Революция электронных книг

Соломон, я предлагаю начать наш ''Диалог на Бродвее'' с того, о чем здесь сейчас так часто говорят – и не только на Бродвее – c книжной революции.
В только что ушедшем году сетевой гигант ''Amazon'' впервые продал электронных книг больше, чем обыкновенных. В этом году, как предсказывают бизнесмены, продажа электронных книг по крайней мере удвоится. Что и не удивительно, ибо всякие ридеры, ''читалки'', для электронных книг стали самыми популярным рождественским подарком в ушедшем году.
Собственно, именно так и бывает. Настоящие революции происходят незаметно, и мы узнаем о них лишь тогда, когда ничего нельзя исправить. Так и скромная новость об электронной книге приговорила к смерти домашние библиотеки. Они становятся обузой, вроде крепостных. Копить книги дома так же глупо, как еду, когда есть супермаркет. Не удивительно, что продвинутая молодежь относится к книгам брезгливо. Для них это – древесная падаль, в которую извели живописные рощи. Это еще не значит, что книги вовсе исчезнут, они выживут – как парусные яхты или арабские скакуны. Став роскошью, вроде картин, библиотеки превратятся в коллекции богатых чудаков. Одного я даже знаю. Это - доктор Шиф, который держал офис на Пятой авеню и издавал штучные книги за бешеные деньги, по одной в год, на специально изготовленной бумаге. Так, на ''Доктора Живаго'' пошла макулатура из русских газет времен Гражданской войны. Но сделать книги бесценными значит истребить библиотеки. И этот способ - надежнее костра.
Вот об этом сегодня говорят на Бродвее: что будет с нашими книгами? И с Вашими, Соломон, – ведь их у Вас тысяч десять не меньше?

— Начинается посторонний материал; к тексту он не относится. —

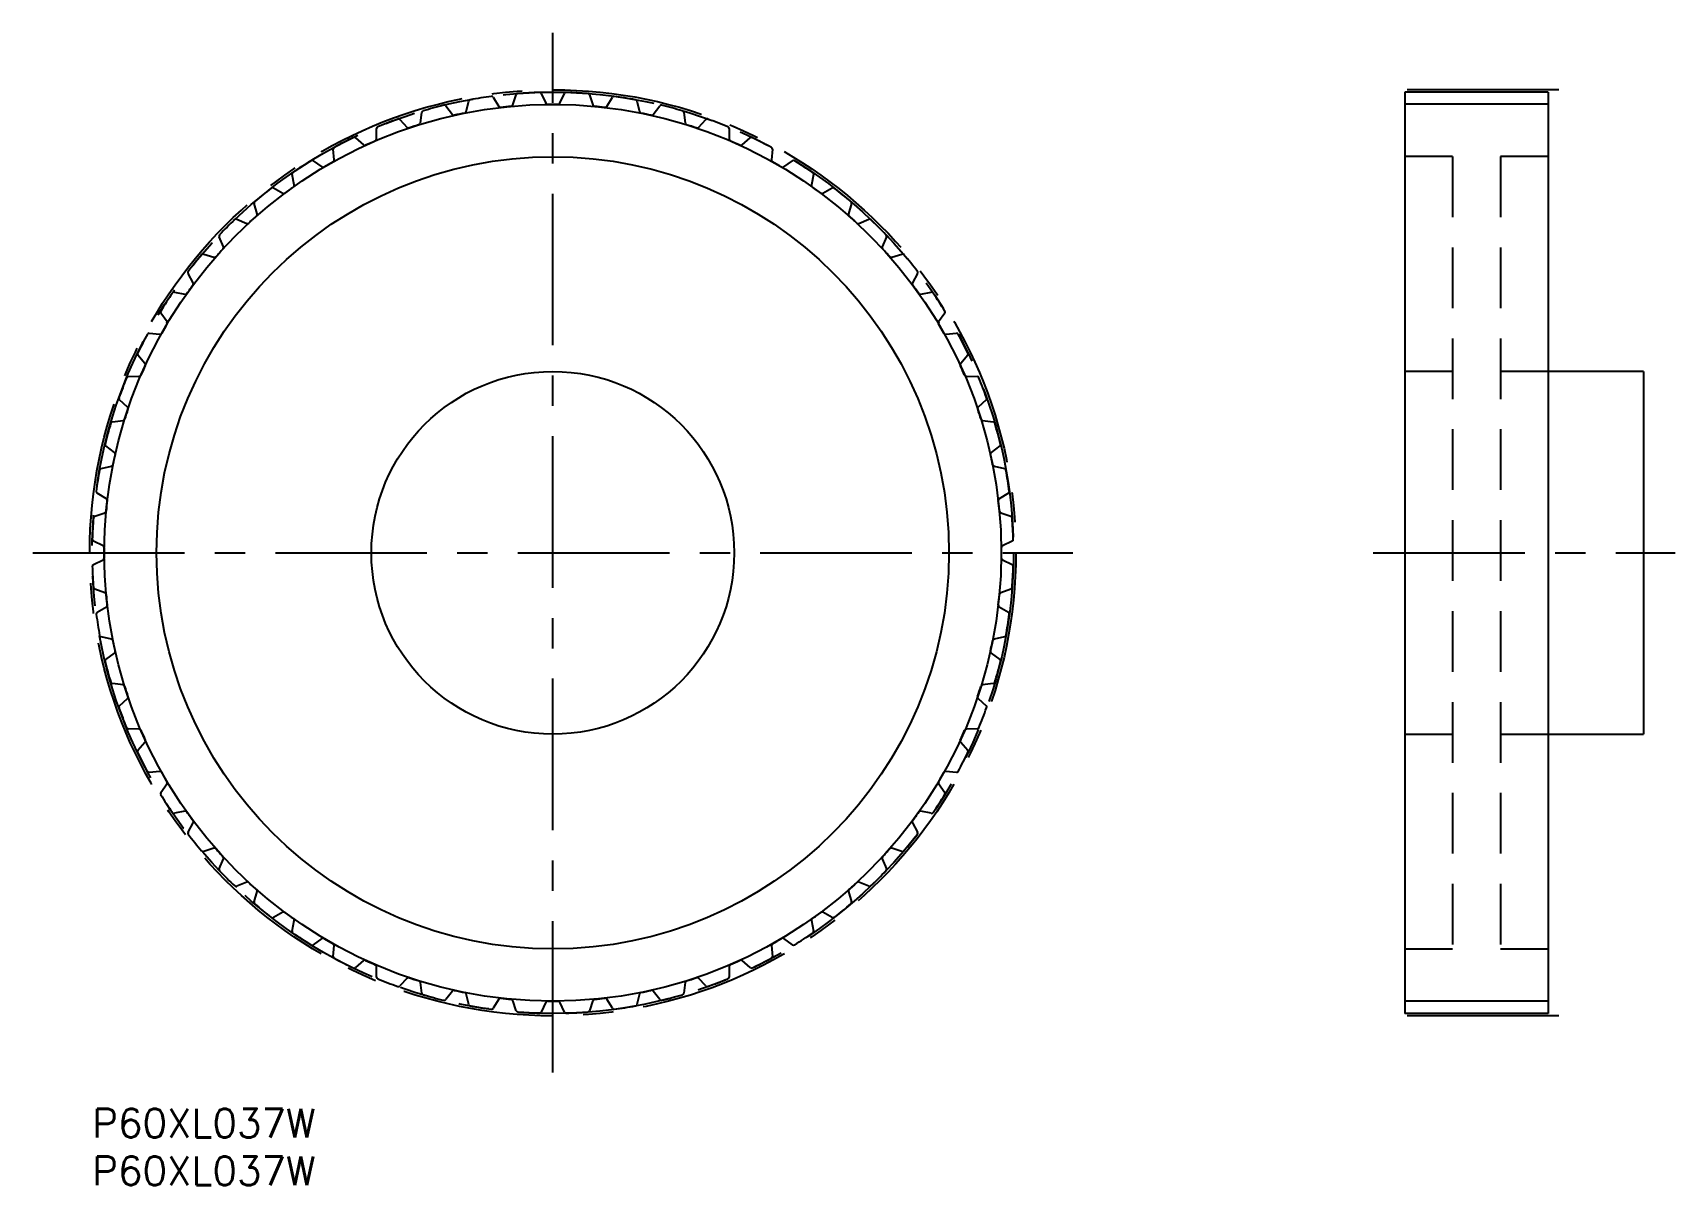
# Model space of a CAD drawing. Extents: x -6 to 166, y -8 to 113.
import ezdxf

# ---------------------------------------------------------------- set-up
doc = ezdxf.new("R2010")
doc.units = 0
doc.header["$LTSCALE"] = 0.5
for name, pattern in [('CENTER', [50.8, 31.75, -6.35, 6.35, -6.35]), ('DASHED', [19.05, 12.7, -6.35]), ('PHANTOM', [63.5, 31.75, -6.35, 6.35, -6.35, 6.35, -6.35])]:
    doc.linetypes.add(name, pattern=pattern)
for name, color, linetype in [('MSM_CENTER', 1, 'CENTER'), ('MSM_CONTINUOUS', 7, 'CONTINUOUS'), ('MSM_DASHED', 4, 'DASHED'), ('MSM_IMAGINARY', 6, 'PHANTOM'), ('MSM_NARROW', 5, 'CONTINUOUS'), ('MSM_PART_NUMBER', 7, 'CONTINUOUS')]:
    doc.layers.add(name, color=color, linetype=linetype)
doc.styles.get("Standard").update_dxf_attribs({"font": 'txt.shx', "height": 3, "bigfont": 'bigfont.shx'})

msp = doc.modelspace()

# ---------------------------------------------------------------- linework, layer by layer
at = {"layer": 'MSM_CENTER'}
for p, q in [((48.25, 3.79), (48.25, 112.72)), ((153.63, 106.77), (136.38, 106.77)), ((-6.21, 58.25), (102.72, 58.25)), ((134.19, 58.25), (165.82, 58.25)), ((153.63, 9.75), (136.38, 9.75))]:
    msp.add_line(p, q, dxfattribs=at)
msp.add_circle((48.25, 58.25), 48.51, dxfattribs=at)
at = {"layer": 'MSM_CONTINUOUS'}
for p, q in [((37.06, 105.07), (37.74, 104.17)), ((39.19, 104.48), (39.44, 105.58)), ((42.02, 105.98), (42.6, 105.02)), ((44.07, 105.17), (44.43, 106.24)), ((47.04, 106.37), (47.52, 105.35)), ((48.99, 105.35), (49.47, 106.37)), ((52.08, 106.24), (52.44, 105.17)), ((53.91, 105.02), (54.49, 105.98)), ((57.07, 105.58), (57.32, 104.48)), ((58.77, 104.17), (59.45, 105.07)), ((137.51, 106.51), (137.51, 10)), ((152.51, 106.51), (137.51, 106.51)), ((152.51, 106.51), (152.51, 10)), ((32.23, 103.64), (33, 102.82)), ((34.4, 103.28), (34.54, 104.39)), ((61.97, 104.39), (62.11, 103.28)), ((63.51, 102.82), (64.28, 103.64)), ((27.57, 101.72), (28.42, 100.98)), ((29.77, 101.58), (29.79, 102.71)), ((66.72, 102.71), (66.74, 101.58)), ((68.09, 100.98), (68.94, 101.72)), ((25.35, 99.41), (25.25, 100.54)), ((71.26, 100.54), (71.16, 99.41)), ((23.14, 99.32), (24.07, 98.67)), ((72.44, 98.67), (73.37, 99.32)), ((18.99, 96.47), (19.97, 95.92)), ((21.17, 96.79), (20.96, 97.9)), ((75.55, 97.9), (75.34, 96.79)), ((76.54, 95.92), (77.52, 96.47)), ((17.29, 93.75), (16.96, 94.83)), ((79.55, 94.83), (79.22, 93.75)), ((15.15, 93.2), (16.19, 92.76)), ((80.32, 92.76), (81.36, 93.2)), ((13.75, 90.32), (13.31, 91.36)), ((83.2, 91.36), (82.76, 90.32)), ((11.68, 89.55), (12.76, 89.22)), ((83.75, 89.22), (84.83, 89.55)), ((10.59, 86.54), (10.04, 87.52)), ((86.47, 87.52), (85.92, 86.54)), ((8.61, 85.55), (9.72, 85.34)), ((86.79, 85.34), (87.9, 85.55)), ((7.84, 82.44), (7.19, 83.37)), ((89.32, 83.37), (88.67, 82.44)), ((5.97, 81.26), (7.1, 81.16)), ((89.41, 81.16), (90.54, 81.26)), ((5.53, 78.09), (4.79, 78.94)), ((91.72, 78.94), (90.98, 78.09)), ((3.8, 76.72), (4.93, 76.74)), ((91.58, 76.74), (92.71, 76.72)), ((162.51, 77.26), (152.51, 77.26)), ((162.51, 77.26), (162.51, 39.26)), ((3.69, 73.51), (2.87, 74.28)), ((93.64, 74.28), (92.82, 73.51)), ((2.12, 71.97), (3.23, 72.11)), ((93.28, 72.11), (94.39, 71.97)), ((2.34, 68.77), (1.44, 69.45)), ((95.07, 69.45), (94.17, 68.77)), ((0.93, 67.07), (2.03, 67.32)), ((94.48, 67.32), (95.58, 67.07)), ((1.49, 63.91), (0.53, 64.49)), ((95.98, 64.49), (95.02, 63.91)), ((0.27, 62.08), (1.34, 62.44)), ((95.17, 62.44), (96.24, 62.08)), ((1.16, 58.99), (0.14, 59.47)), ((96.37, 59.47), (95.35, 58.99)), ((0.14, 57.04), (1.16, 57.52)), ((95.35, 57.52), (96.37, 57.04)), ((1.34, 54.07), (0.27, 54.43)), ((96.24, 54.43), (95.17, 54.07)), ((0.53, 52.02), (1.49, 52.6)), ((95.02, 52.6), (95.98, 52.02)), ((2.03, 49.19), (0.93, 49.44)), ((95.58, 49.44), (94.48, 49.19)), ((1.44, 47.06), (2.34, 47.74)), ((94.17, 47.74), (95.07, 47.06)), ((3.23, 44.4), (2.12, 44.54)), ((94.39, 44.54), (93.28, 44.4)), ((2.87, 42.23), (3.69, 43)), ((92.82, 43), (93.64, 42.23)), ((4.93, 39.77), (3.8, 39.79)), ((92.71, 39.79), (91.58, 39.77)), ((4.79, 37.57), (5.53, 38.42)), ((90.98, 38.42), (91.72, 37.57)), ((152.51, 39.26), (162.51, 39.26)), ((7.1, 35.35), (5.97, 35.25)), ((90.54, 35.25), (89.41, 35.35)), ((7.19, 33.14), (7.84, 34.07)), ((88.67, 34.07), (89.32, 33.14)), ((9.72, 31.17), (8.61, 30.96)), ((87.9, 30.96), (86.79, 31.17)), ((10.04, 28.99), (10.59, 29.97)), ((85.92, 29.97), (86.47, 28.99)), ((12.76, 27.29), (11.68, 26.96)), ((13.31, 25.15), (13.75, 26.19)), ((82.76, 26.19), (83.2, 25.15)), ((84.83, 26.96), (83.75, 27.29)), ((16.19, 23.75), (15.15, 23.31)), ((16.96, 21.68), (17.29, 22.76)), ((79.22, 22.76), (79.55, 21.68)), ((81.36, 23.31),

Соломон Волков: Да, не меньше. Они стоят у меня в квартире в три ряда, заполнили, естественно, всю квартиру. Но вы знаете, Саша, я знаю, где стоит каждая из этих книг и я могу извлечь ее из этого укромного третьего ряда без ошибки. Сегодня Марианна, моя жена, даже удивилась, когда я извлек откуда-то из-под завалов нужную книгу. Вся моя библиотека - у меня в голове. И я с ней прощаться не собираюсь. К электронным книгам я отношусь без всякой враждебности или брезгливости, уверяю вас, потому что это очень красивые и изящный предметы. Заметьте, что все, что связано сейчас со всеми технологическим новинками, это очень красивые вещи, их приятно держать в руках.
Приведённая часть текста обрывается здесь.